Healthy Graham ^new^ Cracker Recipe Direct
In a small bowl, whisk the honey, vanilla, and 2 tablespoons of cold water. Pour this into the dry mixture. Stir with a fork until the dough just comes together. If it seems too dry, add the final tablespoon of water.
Let’s be honest: Store-bought graham crackers are delicious. But flip that box over and read the ingredients. You’ll usually find refined flour, high fructose corn syrup, artificial honey flavoring, and preservatives.
It doesn’t have to be that way.
In a large bowl, whisk together the whole wheat pastry flour, oat flour, coconut sugar, cinnamon, baking soda, and salt.
Form the dough into a disk, wrap it in plastic wrap, and refrigerate for at least 30 minutes.
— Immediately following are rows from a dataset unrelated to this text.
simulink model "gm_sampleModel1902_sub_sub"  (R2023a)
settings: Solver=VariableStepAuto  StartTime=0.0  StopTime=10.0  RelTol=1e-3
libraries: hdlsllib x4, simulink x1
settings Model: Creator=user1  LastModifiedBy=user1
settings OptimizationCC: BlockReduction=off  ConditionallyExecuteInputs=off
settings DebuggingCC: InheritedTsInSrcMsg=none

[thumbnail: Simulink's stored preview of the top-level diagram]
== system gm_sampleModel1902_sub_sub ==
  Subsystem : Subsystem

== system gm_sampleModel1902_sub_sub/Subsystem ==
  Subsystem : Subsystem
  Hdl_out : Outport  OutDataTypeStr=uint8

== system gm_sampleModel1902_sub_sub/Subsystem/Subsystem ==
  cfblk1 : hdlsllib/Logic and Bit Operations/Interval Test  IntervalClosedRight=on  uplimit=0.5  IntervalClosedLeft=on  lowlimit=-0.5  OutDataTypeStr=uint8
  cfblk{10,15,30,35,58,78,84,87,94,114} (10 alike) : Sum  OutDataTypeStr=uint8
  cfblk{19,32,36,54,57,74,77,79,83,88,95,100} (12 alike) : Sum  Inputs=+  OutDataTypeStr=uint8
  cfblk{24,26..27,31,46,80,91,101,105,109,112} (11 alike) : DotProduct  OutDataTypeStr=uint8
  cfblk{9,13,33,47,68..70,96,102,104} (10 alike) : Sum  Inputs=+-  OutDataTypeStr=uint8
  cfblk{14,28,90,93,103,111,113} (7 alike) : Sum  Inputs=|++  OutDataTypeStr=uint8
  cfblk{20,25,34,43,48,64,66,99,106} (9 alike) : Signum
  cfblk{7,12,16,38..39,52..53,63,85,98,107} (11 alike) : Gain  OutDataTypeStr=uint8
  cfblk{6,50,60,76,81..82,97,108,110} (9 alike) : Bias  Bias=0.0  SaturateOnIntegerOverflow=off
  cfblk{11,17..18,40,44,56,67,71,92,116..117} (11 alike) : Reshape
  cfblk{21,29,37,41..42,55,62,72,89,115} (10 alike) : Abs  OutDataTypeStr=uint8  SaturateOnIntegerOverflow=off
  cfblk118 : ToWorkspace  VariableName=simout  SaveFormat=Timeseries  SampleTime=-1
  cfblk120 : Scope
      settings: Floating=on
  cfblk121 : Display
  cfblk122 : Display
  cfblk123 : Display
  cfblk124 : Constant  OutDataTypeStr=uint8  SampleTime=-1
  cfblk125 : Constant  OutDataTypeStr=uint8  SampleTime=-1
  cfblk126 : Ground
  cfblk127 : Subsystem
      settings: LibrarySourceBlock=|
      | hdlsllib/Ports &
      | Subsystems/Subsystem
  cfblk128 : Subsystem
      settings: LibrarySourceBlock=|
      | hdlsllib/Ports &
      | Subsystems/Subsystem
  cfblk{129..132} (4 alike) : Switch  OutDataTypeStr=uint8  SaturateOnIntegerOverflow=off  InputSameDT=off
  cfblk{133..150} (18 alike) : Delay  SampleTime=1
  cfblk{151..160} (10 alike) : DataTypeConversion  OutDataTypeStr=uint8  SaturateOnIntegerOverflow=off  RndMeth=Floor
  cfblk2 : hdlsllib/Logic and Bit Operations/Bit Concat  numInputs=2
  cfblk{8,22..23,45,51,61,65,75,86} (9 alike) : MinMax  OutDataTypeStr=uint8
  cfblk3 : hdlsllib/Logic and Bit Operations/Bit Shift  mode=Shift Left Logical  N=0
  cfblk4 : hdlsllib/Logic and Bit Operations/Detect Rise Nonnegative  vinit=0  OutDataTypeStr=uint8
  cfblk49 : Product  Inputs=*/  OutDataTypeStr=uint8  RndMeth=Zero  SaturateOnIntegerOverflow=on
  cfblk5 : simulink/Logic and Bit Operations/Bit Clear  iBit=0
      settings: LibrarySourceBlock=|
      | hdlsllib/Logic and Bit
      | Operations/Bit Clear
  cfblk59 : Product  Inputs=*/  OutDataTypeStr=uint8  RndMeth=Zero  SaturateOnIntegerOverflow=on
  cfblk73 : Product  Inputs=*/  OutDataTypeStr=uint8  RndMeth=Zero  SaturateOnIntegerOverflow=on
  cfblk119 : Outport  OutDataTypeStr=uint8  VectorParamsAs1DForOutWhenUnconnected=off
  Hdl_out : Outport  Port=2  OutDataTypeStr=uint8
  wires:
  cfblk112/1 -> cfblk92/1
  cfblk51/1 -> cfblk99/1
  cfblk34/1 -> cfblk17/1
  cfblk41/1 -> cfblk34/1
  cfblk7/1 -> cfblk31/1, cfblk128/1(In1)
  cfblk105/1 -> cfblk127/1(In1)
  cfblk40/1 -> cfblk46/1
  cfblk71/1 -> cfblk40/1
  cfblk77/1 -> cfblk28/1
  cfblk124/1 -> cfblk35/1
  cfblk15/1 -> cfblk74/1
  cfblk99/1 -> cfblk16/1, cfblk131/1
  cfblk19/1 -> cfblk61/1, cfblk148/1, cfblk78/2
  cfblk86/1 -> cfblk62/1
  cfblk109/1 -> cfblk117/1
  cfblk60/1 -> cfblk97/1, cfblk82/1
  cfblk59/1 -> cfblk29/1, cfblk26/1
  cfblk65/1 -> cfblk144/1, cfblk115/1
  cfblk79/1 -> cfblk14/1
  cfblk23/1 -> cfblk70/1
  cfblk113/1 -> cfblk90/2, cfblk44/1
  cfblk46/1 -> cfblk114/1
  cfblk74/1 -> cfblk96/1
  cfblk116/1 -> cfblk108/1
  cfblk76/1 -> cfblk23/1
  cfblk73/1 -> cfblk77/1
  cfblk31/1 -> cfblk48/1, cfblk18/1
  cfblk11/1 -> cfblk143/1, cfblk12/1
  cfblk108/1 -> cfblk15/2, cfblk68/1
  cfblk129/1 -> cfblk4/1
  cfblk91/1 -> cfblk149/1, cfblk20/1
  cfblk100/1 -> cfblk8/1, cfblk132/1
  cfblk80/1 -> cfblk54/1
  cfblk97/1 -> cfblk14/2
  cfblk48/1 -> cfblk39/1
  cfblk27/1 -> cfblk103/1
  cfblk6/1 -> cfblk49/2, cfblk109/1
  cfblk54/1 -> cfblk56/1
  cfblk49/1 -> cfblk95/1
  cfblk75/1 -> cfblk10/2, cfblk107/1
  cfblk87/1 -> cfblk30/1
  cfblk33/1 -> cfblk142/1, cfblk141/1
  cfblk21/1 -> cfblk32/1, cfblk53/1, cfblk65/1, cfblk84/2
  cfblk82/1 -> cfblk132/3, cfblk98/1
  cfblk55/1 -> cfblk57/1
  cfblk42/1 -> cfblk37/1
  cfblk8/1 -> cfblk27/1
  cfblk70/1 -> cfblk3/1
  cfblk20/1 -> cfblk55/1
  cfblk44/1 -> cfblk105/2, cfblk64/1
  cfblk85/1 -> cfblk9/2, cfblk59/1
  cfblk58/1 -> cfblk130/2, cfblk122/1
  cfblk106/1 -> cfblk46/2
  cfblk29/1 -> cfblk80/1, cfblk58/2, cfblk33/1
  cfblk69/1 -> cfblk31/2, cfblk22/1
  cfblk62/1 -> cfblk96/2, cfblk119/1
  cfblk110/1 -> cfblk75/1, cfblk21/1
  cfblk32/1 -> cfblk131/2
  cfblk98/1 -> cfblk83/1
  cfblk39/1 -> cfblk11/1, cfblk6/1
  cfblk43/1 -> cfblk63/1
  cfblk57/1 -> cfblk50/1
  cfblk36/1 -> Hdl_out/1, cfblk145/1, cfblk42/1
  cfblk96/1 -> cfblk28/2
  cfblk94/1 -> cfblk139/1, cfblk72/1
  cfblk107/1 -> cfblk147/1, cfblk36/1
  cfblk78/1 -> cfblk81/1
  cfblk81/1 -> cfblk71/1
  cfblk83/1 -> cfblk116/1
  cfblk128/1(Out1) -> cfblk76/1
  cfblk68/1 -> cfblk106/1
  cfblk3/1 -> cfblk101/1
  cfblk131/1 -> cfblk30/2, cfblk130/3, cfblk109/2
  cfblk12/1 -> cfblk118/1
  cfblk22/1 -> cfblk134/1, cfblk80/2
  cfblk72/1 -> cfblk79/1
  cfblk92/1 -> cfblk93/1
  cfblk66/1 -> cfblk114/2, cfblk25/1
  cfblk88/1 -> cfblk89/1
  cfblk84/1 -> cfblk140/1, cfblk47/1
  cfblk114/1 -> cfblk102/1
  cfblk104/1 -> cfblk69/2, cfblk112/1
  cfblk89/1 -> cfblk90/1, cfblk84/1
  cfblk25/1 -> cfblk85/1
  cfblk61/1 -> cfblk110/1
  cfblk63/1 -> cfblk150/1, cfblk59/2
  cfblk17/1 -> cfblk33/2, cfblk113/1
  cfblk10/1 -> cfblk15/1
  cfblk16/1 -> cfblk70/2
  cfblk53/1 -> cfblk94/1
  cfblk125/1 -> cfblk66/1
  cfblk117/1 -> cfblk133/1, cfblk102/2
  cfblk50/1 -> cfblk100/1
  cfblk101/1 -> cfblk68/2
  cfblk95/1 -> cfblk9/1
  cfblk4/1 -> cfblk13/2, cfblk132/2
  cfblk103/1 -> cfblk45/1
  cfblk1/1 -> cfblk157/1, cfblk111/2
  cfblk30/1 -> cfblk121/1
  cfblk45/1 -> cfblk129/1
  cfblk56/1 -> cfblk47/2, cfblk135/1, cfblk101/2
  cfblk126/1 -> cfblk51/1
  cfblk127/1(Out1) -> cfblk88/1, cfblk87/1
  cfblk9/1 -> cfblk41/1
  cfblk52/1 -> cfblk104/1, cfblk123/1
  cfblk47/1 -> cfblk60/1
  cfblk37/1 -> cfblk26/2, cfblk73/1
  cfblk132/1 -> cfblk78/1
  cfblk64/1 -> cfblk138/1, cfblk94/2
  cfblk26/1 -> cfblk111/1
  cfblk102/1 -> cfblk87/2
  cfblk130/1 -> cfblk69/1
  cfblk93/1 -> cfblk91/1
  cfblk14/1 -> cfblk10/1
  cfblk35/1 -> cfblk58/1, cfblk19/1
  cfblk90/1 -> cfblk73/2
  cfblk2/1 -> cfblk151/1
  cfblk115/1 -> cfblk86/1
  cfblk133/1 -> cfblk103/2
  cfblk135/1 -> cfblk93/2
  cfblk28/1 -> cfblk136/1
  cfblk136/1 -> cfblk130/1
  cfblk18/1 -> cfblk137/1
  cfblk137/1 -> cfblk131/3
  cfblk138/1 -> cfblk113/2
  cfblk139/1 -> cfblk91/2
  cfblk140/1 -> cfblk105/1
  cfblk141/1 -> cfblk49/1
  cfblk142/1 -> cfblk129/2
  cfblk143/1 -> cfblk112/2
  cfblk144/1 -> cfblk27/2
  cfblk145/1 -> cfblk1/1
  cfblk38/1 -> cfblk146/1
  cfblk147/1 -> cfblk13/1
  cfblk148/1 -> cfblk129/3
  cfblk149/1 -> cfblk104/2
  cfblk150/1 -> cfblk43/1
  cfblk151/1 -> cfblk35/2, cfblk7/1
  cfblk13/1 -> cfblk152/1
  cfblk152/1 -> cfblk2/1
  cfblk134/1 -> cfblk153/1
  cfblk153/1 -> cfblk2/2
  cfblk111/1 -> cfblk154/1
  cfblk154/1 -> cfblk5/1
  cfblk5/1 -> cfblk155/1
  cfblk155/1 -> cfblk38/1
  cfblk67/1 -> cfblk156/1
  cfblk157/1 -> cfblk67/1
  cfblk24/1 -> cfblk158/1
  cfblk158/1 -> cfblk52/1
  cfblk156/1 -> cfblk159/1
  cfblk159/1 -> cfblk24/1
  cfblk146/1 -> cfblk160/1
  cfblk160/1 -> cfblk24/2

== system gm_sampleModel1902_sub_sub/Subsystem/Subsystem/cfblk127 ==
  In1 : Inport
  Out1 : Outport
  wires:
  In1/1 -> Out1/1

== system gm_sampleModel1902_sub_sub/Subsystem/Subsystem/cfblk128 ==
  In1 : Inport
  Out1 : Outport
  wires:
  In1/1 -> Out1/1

Chilling prevents the crackers from spreading and ensures they stay crisp. healthy graham cracker recipe
Place the dough between two sheets of parchment paper. Roll it out to about ⅛-inch thickness (very thin). Remove the top paper. Use a pizza cutter or knife to score the dough into 2-inch squares. Prick each cracker twice with a fork (this prevents puffing).
Did you try this recipe with a gluten-free flour blend? Let us know in the comments below! In a small bowl, whisk the honey, vanilla,
Add the solid coconut oil (or butter) to the flour mixture. Use a pastry cutter or your fingers to work it in until the mixture resembles coarse crumbs with pea-sized bits of fat. This is the secret to a flaky cracker.